Il a expliqué que, tout au long des témoignages qu’il avait reçus, les répercussions sur la santé mentale des communautés touchées par la perte de leur culture et de leurs terres et l’incertitude quant aux potentielles répercussions sur la santé physique ont été soulevées comme une préoccupation importante.

Et les répercussions des entreprises canadiennes s’étendent bien au-delà des frontières du pays, avec notamment « l’exportation illégale » de déchets vers des pays d’Asie comme les Philippines.

Il s’est ainsi préoccupé des activités des industries extractives canadiennes à l’étranger, notamment « l’incapacité de prévenir et d’atténuer la pollution toxique ».

L’expert indépendant s’est même inquiété des pressions exercées par ces entreprises sur les gouvernements étrangers pour qu’ils abaissent les normes de protection. Ce qui constitue, selon lui, « un mépris flagrant des lois environnementales existantes », induisant des communautés en erreur quant à la nature et les impacts des projets proposés, parmi d’autres graves préoccupations ».

Efforts faits aux niveaux provincial et fédéral

« Il est certain que le Canada a fait des progrès importants, »  a toutefois indiqué M. Tuncak, en soulignant les restrictions générales sur l’amiante, l’interdiction par le Québec de la pulvérisation aérienne de l’herbicide glyphosate en milieu forestier, l’interdiction par l’Ontario des centrales au charbon, les études en cours pour mieux comprendre les effets nuancés de l’exposition des enfants aux substances toxiques et les responsabilités communes de Santé Canada et d’Environnement Canada sur certains sujets.

Mais il a regretté « l’inaction du gouvernement canadien lorsque ses entreprises produisent un impact sur certains groupes ».

Il a également dénoncé l’insuffisance des mesures de protection prévues par les lois pertinentes pour protéger la qualité de l’air et de l’eau et l’absence de poursuites dans les cas évidents de conduite illégale d’entreprises ayant entraîné des expositions nocives.

Enfin, l’expert a constaté qu’il était décevant que le Parlement canadien n’ait pas encore mis en œuvre la Déclaration de l’ONU sur les droits des peuples autochtones par voie législative, malgré les engagements répétés du gouvernement.

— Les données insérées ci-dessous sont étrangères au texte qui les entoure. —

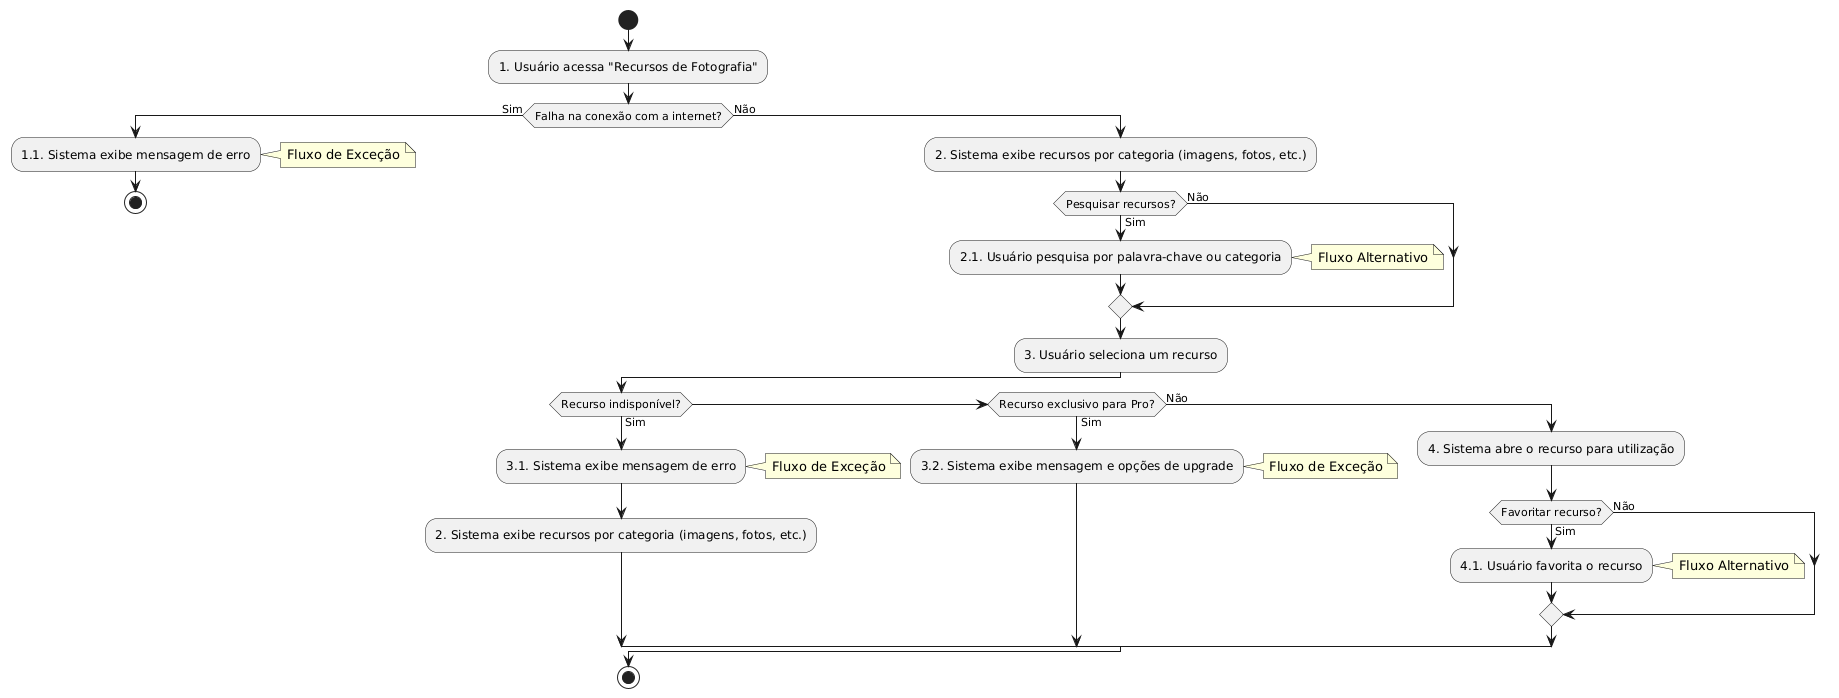

The diagram above was rendered by PlantUML. Its source (embedded in the PNG):
@startuml
start
:1. Usuário acessa "Recursos de Fotografia";

if (Falha na conexão com a internet?) then (Sim)
  :1.1. Sistema exibe mensagem de erro;
  note right: Fluxo de Exceção
  stop
else (Não)
  :2. Sistema exibe recursos por categoria (imagens, fotos, etc.);

  if (Pesquisar recursos?) then (Sim)
    :2.1. Usuário pesquisa por palavra-chave ou categoria;
    note right: Fluxo Alternativo
  else (Não)
  endif

  :3. Usuário seleciona um recurso;

  if (Recurso indisponível?) then (Sim)
    :3.1. Sistema exibe mensagem de erro;
    note right: Fluxo de Exceção
    :2. Sistema exibe recursos por categoria (imagens, fotos, etc.);
  elseif (Recurso exclusivo para Pro?) then (Sim)
    :3.2. Sistema exibe mensagem e opções de upgrade;
    note right: Fluxo de Exceção
  else (Não)
    :4. Sistema abre o recurso para utilização;

    if (Favoritar recurso?) then (Sim)
      :4.1. Usuário favorita o recurso;
      note right: Fluxo Alternativo
    else (Não)
    endif
  endif
endif
stop
@enduml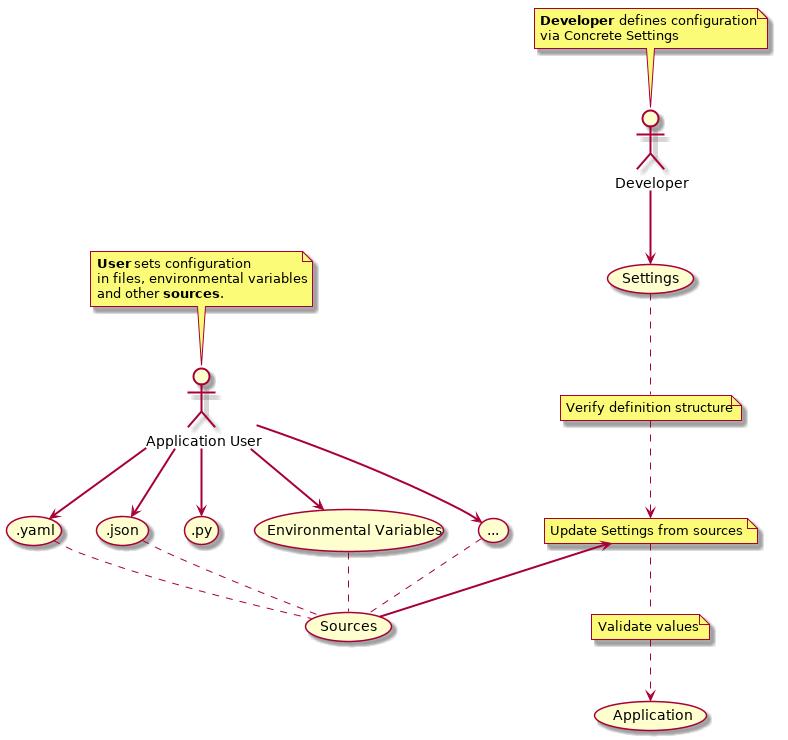

The diagram above was rendered by PlantUML. Its source (embedded in the PNG):
@startuml
:Developer: as Dev
:Application User: as User
(.yaml) as (yaml_source)
(.json) as (json_source)
(.py) as (py_source)
(Environmental Variables) as (envvar)

note top of User
    **User** sets configuration
    in files, environmental variables
    and other **sources**.
end note

note top of Dev
    **Developer** defines configuration
    via Concrete Settings
end note

User ==> (yaml_source)
User ==> (json_source)
User ==> (envvar)
User ==> (py_source)
User ==> (...)

Dev ==> (Settings)

(yaml_source) .. (Sources)
(json_source) .. (Sources)
(envvar) .. (Sources)
(...) .. (Sources)

note "Verify definition structure" as note_verify
note "Update Settings from sources" as note_update
note "Validate values" as note_validate

note_update <== (Sources)

(Settings) .. note_verify
note_verify ..> note_update
note_update .. note_validate
note_validate ..> (Application)

@enduml

Il a exhorté le législateur à le faire. « Le Canada doit répondre à de nombreuses questions pour savoir si des protections égales pour tous sont accordées contre l’exposition aux substances toxiques et pourquoi les victimes se voient refuser leur droit à un recours efficace depuis des décennies », a conclu le Rapporteur spécial sur la gestion et de l’élimination déchets dangereux.